### Exercise details:
If a line of the material contains "Outputs", copy it.
--- START ---
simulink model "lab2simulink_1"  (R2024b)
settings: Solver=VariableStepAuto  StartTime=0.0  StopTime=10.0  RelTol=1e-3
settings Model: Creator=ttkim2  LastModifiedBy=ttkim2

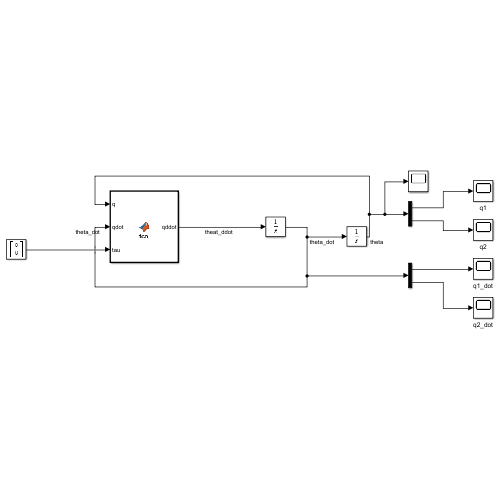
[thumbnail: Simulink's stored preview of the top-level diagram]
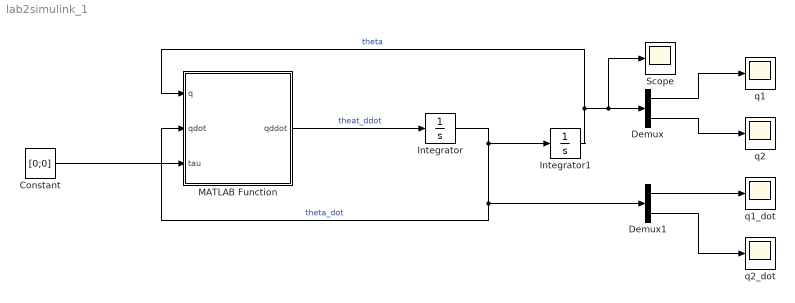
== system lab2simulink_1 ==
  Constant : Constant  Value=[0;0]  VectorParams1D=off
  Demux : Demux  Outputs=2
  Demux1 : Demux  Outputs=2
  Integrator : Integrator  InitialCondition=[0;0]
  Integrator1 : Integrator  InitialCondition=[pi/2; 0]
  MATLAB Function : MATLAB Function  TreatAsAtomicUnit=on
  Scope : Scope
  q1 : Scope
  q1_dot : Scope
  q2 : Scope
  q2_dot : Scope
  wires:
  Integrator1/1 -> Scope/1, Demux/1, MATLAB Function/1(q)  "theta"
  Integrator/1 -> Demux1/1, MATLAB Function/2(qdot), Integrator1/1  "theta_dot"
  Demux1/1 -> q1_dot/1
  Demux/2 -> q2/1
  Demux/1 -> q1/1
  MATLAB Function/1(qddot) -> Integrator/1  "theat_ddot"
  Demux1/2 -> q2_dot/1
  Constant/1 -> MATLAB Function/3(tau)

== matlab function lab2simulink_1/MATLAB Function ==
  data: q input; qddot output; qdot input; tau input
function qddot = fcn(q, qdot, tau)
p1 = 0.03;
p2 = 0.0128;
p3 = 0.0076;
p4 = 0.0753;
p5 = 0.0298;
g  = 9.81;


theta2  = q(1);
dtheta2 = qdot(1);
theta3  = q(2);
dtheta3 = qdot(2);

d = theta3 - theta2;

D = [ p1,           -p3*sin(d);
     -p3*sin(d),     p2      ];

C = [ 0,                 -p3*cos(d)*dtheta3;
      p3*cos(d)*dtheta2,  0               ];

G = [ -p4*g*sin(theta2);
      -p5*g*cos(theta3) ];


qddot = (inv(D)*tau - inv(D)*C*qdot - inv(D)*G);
--- END ---
### Result of the task:
  Demux : Demux  Outputs=2
  Demux1 : Demux  Outputs=2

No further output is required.